From the entries below, gather each line containing the word "UserObject".
————
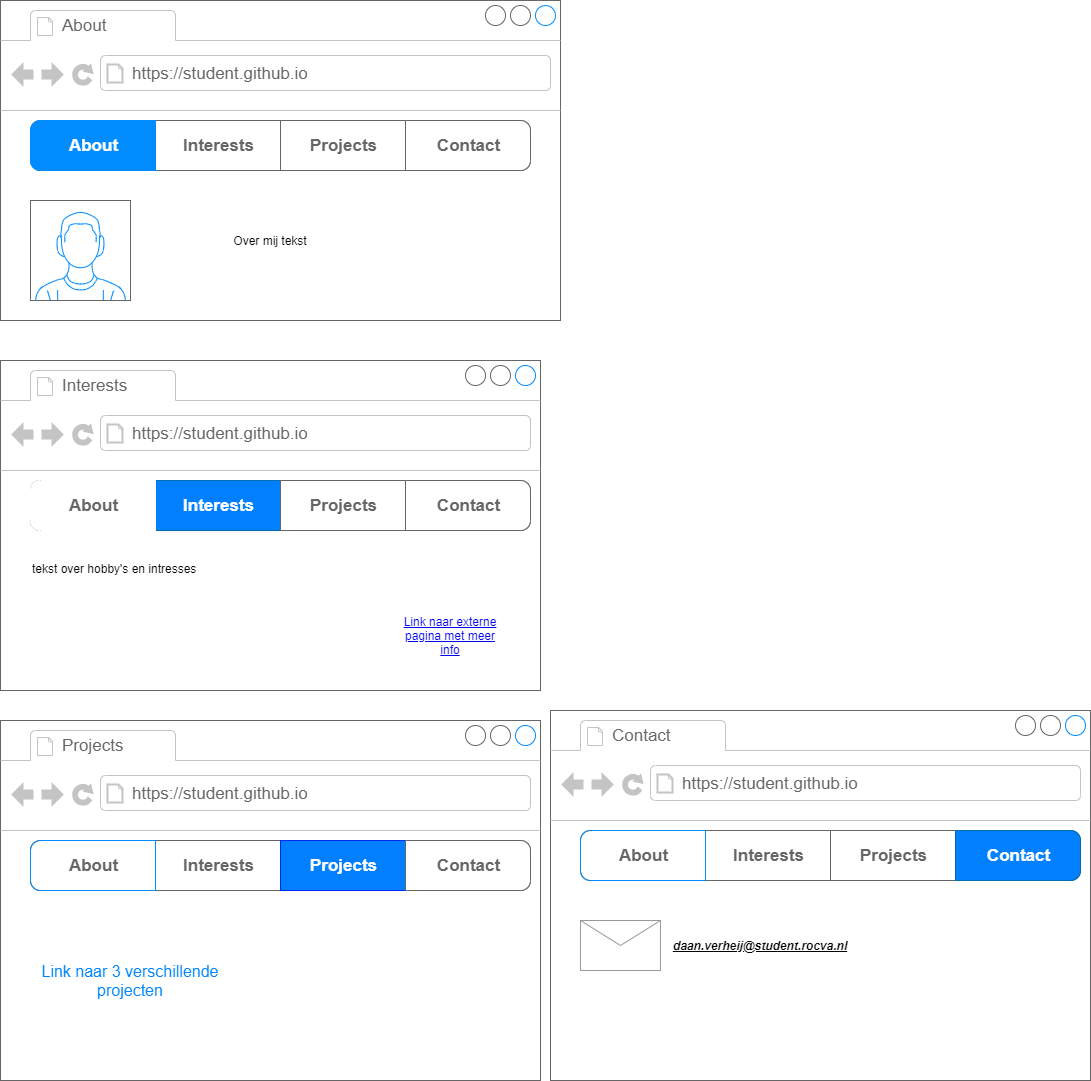

The diagram above was exported from draw.io. Its source (the exported page's mxGraphModel, read from the mxfile embedded in the PNG):
<mxGraphModel dx="1204" dy="790" grid="1" gridSize="10" guides="1" tooltips="1" connect="1" arrows="1" fold="1" page="1" pageScale="1" pageWidth="850" pageHeight="1100" math="0" shadow="0">
  <root>
    <mxCell id="0" />
    <mxCell id="1" parent="0" />
    <mxCell id="2" value="" style="strokeWidth=1;shadow=0;dashed=0;align=center;html=1;shape=mxgraph.mockup.containers.browserWindow;rSize=0;strokeColor=#666666;strokeColor2=#008cff;strokeColor3=#c4c4c4;mainText=,;recursiveResize=0;" parent="1" vertex="1">
      <mxGeometry width="560" height="320" as="geometry" />
    </mxCell>
    <mxCell id="3" value="About" style="strokeWidth=1;shadow=0;dashed=0;align=center;html=1;shape=mxgraph.mockup.containers.anchor;fontSize=17;fontColor=#666666;align=left;" parent="2" vertex="1">
      <mxGeometry x="60" y="12" width="110" height="26" as="geometry" />
    </mxCell>
    <mxCell id="4" value="https://student.github.io" style="strokeWidth=1;shadow=0;dashed=0;align=center;html=1;shape=mxgraph.mockup.containers.anchor;rSize=0;fontSize=17;fontColor=#666666;align=left;" parent="2" vertex="1">
      <mxGeometry x="130" y="60" width="250" height="26" as="geometry" />
    </mxCell>
    <mxCell id="6" value="" style="strokeWidth=1;shadow=0;dashed=0;align=center;html=1;shape=mxgraph.mockup.rrect;rSize=10;fillColor=#ffffff;strokeColor=#666666;" parent="2" vertex="1">
      <mxGeometry x="30" y="120" width="500" height="50" as="geometry" />
    </mxCell>
    <mxCell id="7" value="Interests" style="strokeColor=inherit;fillColor=inherit;gradientColor=inherit;strokeWidth=1;shadow=0;dashed=0;align=center;html=1;shape=mxgraph.mockup.rrect;rSize=0;fontSize=17;fontColor=#666666;fontStyle=1;resizeHeight=1;" parent="6" vertex="1">
      <mxGeometry width="125" height="50" relative="1" as="geometry">
        <mxPoint x="125" as="offset" />
      </mxGeometry>
    </mxCell>
    <mxCell id="8" value="Projects" style="strokeColor=inherit;fillColor=inherit;gradientColor=inherit;strokeWidth=1;shadow=0;dashed=0;align=center;html=1;shape=mxgraph.mockup.rrect;rSize=0;fontSize=17;fontColor=#666666;fontStyle=1;resizeHeight=1;" parent="6" vertex="1">
      <mxGeometry width="125" height="50" relative="1" as="geometry">
        <mxPoint x="250" as="offset" />
      </mxGeometry>
    </mxCell>
    <mxCell id="9" value="Contact&lt;br&gt;" style="strokeColor=inherit;fillColor=inherit;gradientColor=inherit;strokeWidth=1;shadow=0;dashed=0;align=center;html=1;shape=mxgraph.mockup.rightButton;rSize=10;fontSize=17;fontColor=#666666;fontStyle=1;resizeHeight=1;" parent="6" vertex="1">
      <mxGeometry x="1" width="125" height="50" relative="1" as="geometry">
        <mxPoint x="-125" as="offset" />
      </mxGeometry>
    </mxCell>
    <mxCell id="10" value="About" style="strokeWidth=1;shadow=0;dashed=0;align=center;html=1;shape=mxgraph.mockup.leftButton;rSize=10;fontSize=17;fontColor=#ffffff;fontStyle=1;fillColor=#008cff;strokeColor=#008cff;resizeHeight=1;" parent="6" vertex="1">
      <mxGeometry width="125" height="50" relative="1" as="geometry" />
    </mxCell>
    <mxCell id="40" value="" style="verticalLabelPosition=bottom;shadow=0;dashed=0;align=center;html=1;verticalAlign=top;strokeWidth=1;shape=mxgraph.mockup.containers.userMale;strokeColor=#666666;strokeColor2=#008cff;fillColor=#FFFFFF;" vertex="1" parent="2">
      <mxGeometry x="30" y="200" width="100" height="100" as="geometry" />
    </mxCell>
    <mxCell id="41" value="Over mij tekst" style="text;html=1;strokeColor=none;fillColor=none;align=center;verticalAlign=middle;whiteSpace=wrap;rounded=0;" vertex="1" parent="2">
      <mxGeometry x="160" y="200" width="220" height="80" as="geometry" />
    </mxCell>
    <mxCell id="29" value="" style="strokeWidth=1;shadow=0;dashed=0;align=center;html=1;shape=mxgraph.mockup.containers.browserWindow;rSize=0;strokeColor=#666666;strokeColor2=#008cff;strokeColor3=#c4c4c4;mainText=,;recursiveResize=0;" vertex="1" parent="1">
      <mxGeometry y="360" width="540" height="330" as="geometry" />
    </mxCell>
    <mxCell id="30" value="Interests" style="strokeWidth=1;shadow=0;dashed=0;align=center;html=1;shape=mxgraph.mockup.containers.anchor;fontSize=17;fontColor=#666666;align=left;" vertex="1" parent="29">
      <mxGeometry x="60" y="12" width="110" height="26" as="geometry" />
    </mxCell>
    <mxCell id="31" value="https://student.github.io" style="strokeWidth=1;shadow=0;dashed=0;align=center;html=1;shape=mxgraph.mockup.containers.anchor;rSize=0;fontSize=17;fontColor=#666666;align=left;" vertex="1" parent="29">
      <mxGeometry x="130" y="60" width="250" height="26" as="geometry" />
    </mxCell>
    <mxCell id="33" value="" style="strokeWidth=1;shadow=0;dashed=0;align=center;html=1;shape=mxgraph.mockup.rrect;rSize=10;fillColor=#ffffff;strokeColor=#666666;" vertex="1" parent="29">
      <mxGeometry x="30" y="120" width="500" height="50" as="geometry" />
    </mxCell>
    <mxCell id="34" value="Interests" style="strokeColor=#006EAF;strokeWidth=1;shadow=0;dashed=0;align=center;html=1;shape=mxgraph.mockup.rrect;rSize=0;fontSize=17;fontColor=#ffffff;fontStyle=1;resizeHeight=1;fillColor=#007FFF;" vertex="1" parent="33">
      <mxGeometry width="125" height="50" relative="1" as="geometry">
        <mxPoint x="125" as="offset" />
      </mxGeometry>
    </mxCell>
    <mxCell id="35" value="Projects" style="strokeColor=inherit;fillColor=inherit;gradientColor=inherit;strokeWidth=1;shadow=0;dashed=0;align=center;html=1;shape=mxgraph.mockup.rrect;rSize=0;fontSize=17;fontColor=#666666;fontStyle=1;resizeHeight=1;" vertex="1" parent="33">
      <mxGeometry width="125" height="50" relative="1" as="geometry">
        <mxPoint x="250" as="offset" />
      </mxGeometry>
    </mxCell>
    <mxCell id="36" value="Contact&lt;br&gt;" style="strokeColor=inherit;fillColor=inherit;gradientColor=inherit;strokeWidth=1;shadow=0;dashed=0;align=center;html=1;shape=mxgraph.mockup.rightButton;rSize=10;fontSize=17;fontColor=#666666;fontStyle=1;resizeHeight=1;" vertex="1" parent="33">
      <mxGeometry x="1" width="125" height="50" relative="1" as="geometry">
        <mxPoint x="-125" as="offset" />
      </mxGeometry>
    </mxCell>
    <mxCell id="37" value="&lt;font color=&quot;#666666&quot;&gt;About&lt;/font&gt;" style="strokeWidth=1;shadow=0;dashed=0;align=center;html=1;shape=mxgraph.mockup.leftButton;rSize=10;fontSize=17;fontColor=#ffffff;fontStyle=1;resizeHeight=1;strokeColor=#FFFFFF;fillColor=#FFFFFF;" vertex="1" parent="33">
      <mxGeometry width="125" height="50" relative="1" as="geometry" />
    </mxCell>
    <mxCell id="38" value="tekst over hobby's en intresses" style="text;spacingTop=-5;whiteSpace=wrap;html=1;align=left;fontSize=12;fontFamily=Helvetica;fillColor=none;strokeColor=none;shadow=0;" vertex="1" parent="29">
      <mxGeometry x="30" y="200" width="300" height="100" as="geometry" />
    </mxCell>
    <UserObject label="Link naar externe pagina met meer info" id="42">
      <mxCell style="text;html=1;strokeColor=none;fillColor=none;whiteSpace=wrap;align=center;verticalAlign=middle;fontColor=#0000EE;fontStyle=4;" vertex="1" parent="29">
        <mxGeometry x="400" y="240" width="100" height="70" as="geometry" />
      </mxCell>
    </UserObject>
    <mxCell id="50" value="" style="strokeWidth=1;shadow=0;dashed=0;align=center;html=1;shape=mxgraph.mockup.containers.browserWindow;rSize=0;strokeColor=#666666;strokeColor2=#008cff;strokeColor3=#c4c4c4;mainText=,;recursiveResize=0;" vertex="1" parent="1">
      <mxGeometry y="720" width="540" height="360" as="geometry" />
    </mxCell>
    <mxCell id="51" value="Projects" style="strokeWidth=1;shadow=0;dashed=0;align=center;html=1;shape=mxgraph.mockup.containers.anchor;fontSize=17;fontColor=#666666;align=left;" vertex="1" parent="50">
      <mxGeometry x="60" y="12" width="110" height="26" as="geometry" />
    </mxCell>
    <mxCell id="52" value="https://student.github.io" style="strokeWidth=1;shadow=0;dashed=0;align=center;html=1;shape=mxgraph.mockup.containers.anchor;rSize=0;fontSize=17;fontColor=#666666;align=left;" vertex="1" parent="50">
      <mxGeometry x="130" y="60" width="250" height="26" as="geometry" />
    </mxCell>
    <mxCell id="53" value="" style="strokeWidth=1;shadow=0;dashed=0;align=center;html=1;shape=mxgraph.mockup.rrect;rSize=10;fillColor=#ffffff;strokeColor=#666666;" vertex="1" parent="50">
      <mxGeometry x="30" y="120" width="500" height="50" as="geometry" />
    </mxCell>
    <mxCell id="54" value="Interests" style="strokeColor=inherit;fillColor=inherit;gradientColor=inherit;strokeWidth=1;shadow=0;dashed=0;align=center;html=1;shape=mxgraph.mockup.rrect;rSize=0;fontSize=17;fontColor=#666666;fontStyle=1;resizeHeight=1;" vertex="1" parent="53">
      <mxGeometry width="125" height="50" relative="1" as="geometry">
        <mxPoint x="125" as="offset" />
      </mxGeometry>
    </mxCell>
    <mxCell id="55" value="Projects" style="strokeWidth=1;shadow=0;dashed=0;align=center;html=1;shape=mxgraph.mockup.rrect;rSize=0;fontSize=17;fontColor=#ffffff;fontStyle=1;resizeHeight=1;strokeColor=#0027FF;fillColor=#007FFF;" vertex="1" parent="53">
      <mxGeometry width="125" height="50" relative="1" as="geometry">
        <mxPoint x="250" as="offset" />
      </mxGeometry>
    </mxCell>
    <mxCell id="56" value="Contact&lt;br&gt;" style="strokeColor=inherit;fillColor=inherit;gradientColor=inherit;strokeWidth=1;shadow=0;dashed=0;align=center;html=1;shape=mxgraph.mockup.rightButton;rSize=10;fontSize=17;fontColor=#666666;fontStyle=1;resizeHeight=1;" vertex="1" parent="53">
      <mxGeometry x="1" width="125" height="50" relative="1" as="geometry">
        <mxPoint x="-125" as="offset" />
      </mxGeometry>
    </mxCell>
    <mxCell id="57" value="&lt;font color=&quot;#666666&quot;&gt;About&lt;/font&gt;" style="strokeWidth=1;shadow=0;dashed=0;align=center;html=1;shape=mxgraph.mockup.leftButton;rSize=10;fontSize=17;fontColor=#ffffff;fontStyle=1;strokeColor=#008cff;resizeHeight=1;fillColor=none;" vertex="1" parent="53">
      <mxGeometry width="125" height="50" relative="1" as="geometry" />
    </mxCell>
    <mxCell id="60" value="Link naar 3 verschillende projecten" style="html=1;shadow=0;dashed=0;shape=mxgraph.bootstrap.rrect;rSize=5;strokeColor=none;strokeWidth=1;fillColor=none;fontColor=#0085FC;whiteSpace=wrap;align=center;verticalAlign=middle;spacingLeft=0;fontStyle=0;fontSize=16;spacing=5;" vertex="1" parent="50">
      <mxGeometry x="10" y="240" width="240" height="40" as="geometry" />
    </mxCell>
    <mxCell id="61" value="" style="strokeWidth=1;shadow=0;dashed=0;align=center;html=1;shape=mxgraph.mockup.containers.browserWindow;rSize=0;strokeColor=#666666;strokeColor2=#008cff;strokeColor3=#c4c4c4;mainText=,;recursiveResize=0;" vertex="1" parent="1">
      <mxGeometry x="550" y="710" width="540" height="370" as="geometry" />
    </mxCell>
    <mxCell id="62" value="Contact" style="strokeWidth=1;shadow=0;dashed=0;align=center;html=1;shape=mxgraph.mockup.containers.anchor;fontSize=17;fontColor=#666666;align=left;" vertex="1" parent="61">
      <mxGeometry x="60" y="12" width="110" height="26" as="geometry" />
    </mxCell>
    <mxCell id="63" value="https://student.github.io" style="strokeWidth=1;shadow=0;dashed=0;align=center;html=1;shape=mxgraph.mockup.containers.anchor;rSize=0;fontSize=17;fontColor=#666666;align=left;" vertex="1" parent="61">
      <mxGeometry x="130" y="60" width="250" height="26" as="geometry" />
    </mxCell>
    <mxCell id="64" value="" style="strokeWidth=1;shadow=0;dashed=0;align=center;html=1;shape=mxgraph.mockup.rrect;rSize=10;fillColor=#ffffff;strokeColor=#666666;" vertex="1" parent="61">
      <mxGeometry x="30" y="120" width="500" height="50" as="geometry" />
    </mxCell>
    <mxCell id="65" value="Interests" style="strokeColor=inherit;fillColor=inherit;gradientColor=inherit;strokeWidth=1;shadow=0;dashed=0;align=center;html=1;shape=mxgraph.mockup.rrect;rSize=0;fontSize=17;fontColor=#666666;fontStyle=1;resizeHeight=1;" vertex="1" parent="64">
      <mxGeometry width="125" height="50" relative="1" as="geometry">
        <mxPoint x="125" as="offset" />
      </mxGeometry>
    </mxCell>
    <mxCell id="66" value="&lt;font color=&quot;#666666&quot;&gt;Projects&lt;/font&gt;" style="strokeWidth=1;shadow=0;dashed=0;align=center;html=1;shape=mxgraph.mockup.rrect;rSize=0;fontSize=17;fontColor=#ffffff;fontStyle=1;resizeHeight=1;fillColor=none;strokeColor=none;" vertex="1" parent="64">
      <mxGeometry width="125" height="50" relative="1" as="geometry">
        <mxPoint x="250" as="offset" />
      </mxGeometry>
    </mxCell>
    <mxCell id="67" value="Contact&lt;br&gt;" style="strokeColor=#006EAF;strokeWidth=1;shadow=0;dashed=0;align=center;html=1;shape=mxgraph.mockup.rightButton;rSize=10;fontSize=17;fontColor=#ffffff;fontStyle=1;resizeHeight=1;fillColor=#007FFF;" vertex="1" parent="64">
      <mxGeometry x="1" width="125" height="50" relative="1" as="geometry">
        <mxPoint x="-125" as="offset" />
      </mxGeometry>
    </mxCell>
    <mxCell id="68" value="&lt;font color=&quot;#666666&quot;&gt;About&lt;/font&gt;" style="strokeWidth=1;shadow=0;dashed=0;align=center;html=1;shape=mxgraph.mockup.leftButton;rSize=10;fontSize=17;fontColor=#ffffff;fontStyle=1;strokeColor=#008cff;resizeHeight=1;fillColor=none;" vertex="1" parent="64">
      <mxGeometry width="125" height="50" relative="1" as="geometry" />
    </mxCell>
    <mxCell id="70" value="" style="verticalLabelPosition=bottom;shadow=0;dashed=0;align=center;html=1;verticalAlign=top;strokeWidth=1;shape=mxgraph.mockup.misc.mail2;strokeColor=#999999;fillColor=none;" vertex="1" parent="61">
      <mxGeometry x="30" y="210" width="80" height="50" as="geometry" />
    </mxCell>
    <mxCell id="71" value="&lt;b&gt;&lt;i&gt;&lt;u&gt;daan.verheij@student.rocva.nl&lt;/u&gt;&lt;/i&gt;&lt;/b&gt;" style="text;html=1;strokeColor=none;fillColor=none;align=center;verticalAlign=middle;whiteSpace=wrap;rounded=0;" vertex="1" parent="61">
      <mxGeometry x="130" y="210" width="160" height="50" as="geometry" />
    </mxCell>
  </root>
</mxGraphModel>
————
• [Solution for this exercise]:
    <UserObject label="Link naar externe pagina met meer info" id="42">
    </UserObject>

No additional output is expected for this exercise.